▶ PROBLEM DETAILS
Your copy should match the entries exactly, with no images carried over.

Records contained in a dataset
■ ■ ■ ■ ■ ■ ■
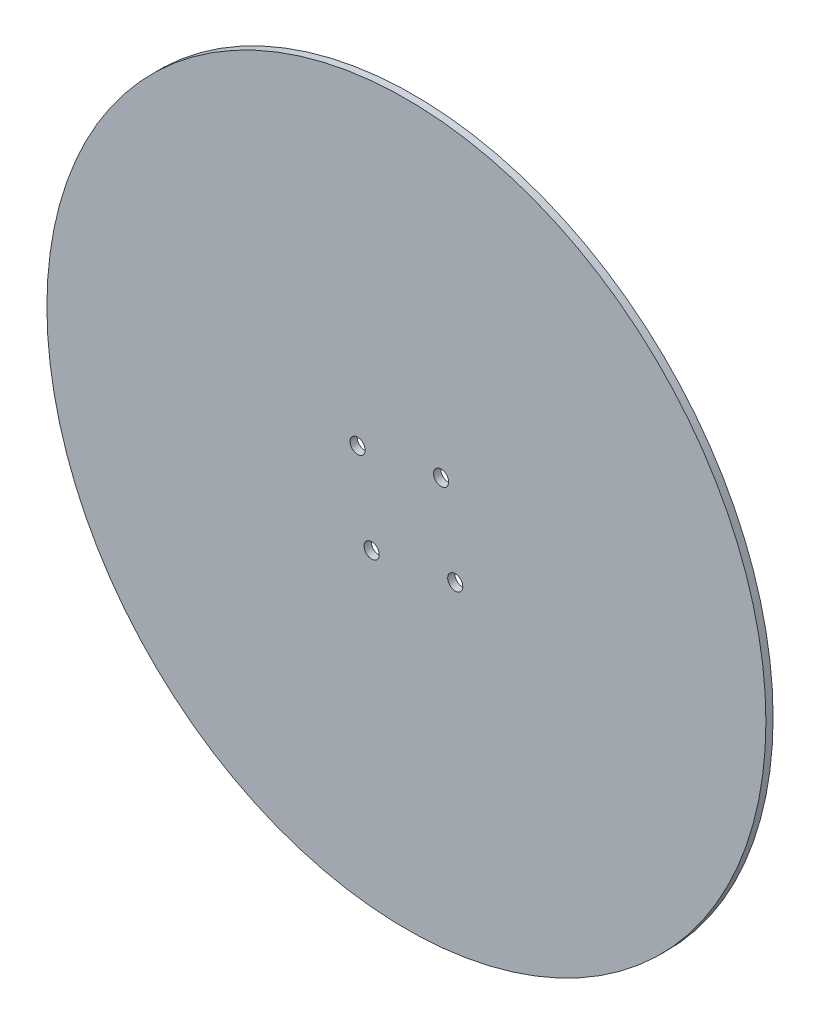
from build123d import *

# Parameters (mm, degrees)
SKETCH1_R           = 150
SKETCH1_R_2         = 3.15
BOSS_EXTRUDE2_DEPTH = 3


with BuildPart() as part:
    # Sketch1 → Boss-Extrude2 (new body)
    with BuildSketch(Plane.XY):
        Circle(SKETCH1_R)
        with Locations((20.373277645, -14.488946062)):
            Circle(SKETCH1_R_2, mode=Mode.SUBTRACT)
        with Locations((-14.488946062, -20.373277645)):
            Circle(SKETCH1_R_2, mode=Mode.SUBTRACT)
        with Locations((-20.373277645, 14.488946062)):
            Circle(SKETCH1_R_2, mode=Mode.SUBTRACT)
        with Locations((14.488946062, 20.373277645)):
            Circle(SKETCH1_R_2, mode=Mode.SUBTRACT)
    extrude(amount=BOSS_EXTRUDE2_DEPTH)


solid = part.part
■ ■ ■ ■ ■ ■ ■
▶ WRITTEN SOLUTION
from build123d import *

# Parameters (mm, degrees)
SKETCH1_R           = 150
SKETCH1_R_2         = 3.15
BOSS_EXTRUDE2_DEPTH = 3


with BuildPart() as part:
    # Sketch1 → Boss-Extrude2 (new body)
    with BuildSketch(Plane.XY):
        Circle(SKETCH1_R)
        with Locations((20.373277645, -14.488946062)):
            Circle(SKETCH1_R_2, mode=Mode.SUBTRACT)
        with Locations((-14.488946062, -20.373277645)):
            Circle(SKETCH1_R_2, mode=Mode.SUBTRACT)
        with Locations((-20.373277645, 14.488946062)):
            Circle(SKETCH1_R_2, mode=Mode.SUBTRACT)
        with Locations((14.488946062, 20.373277645)):
            Circle(SKETCH1_R_2, mode=Mode.SUBTRACT)
    extrude(amount=BOSS_EXTRUDE2_DEPTH)


solid = part.part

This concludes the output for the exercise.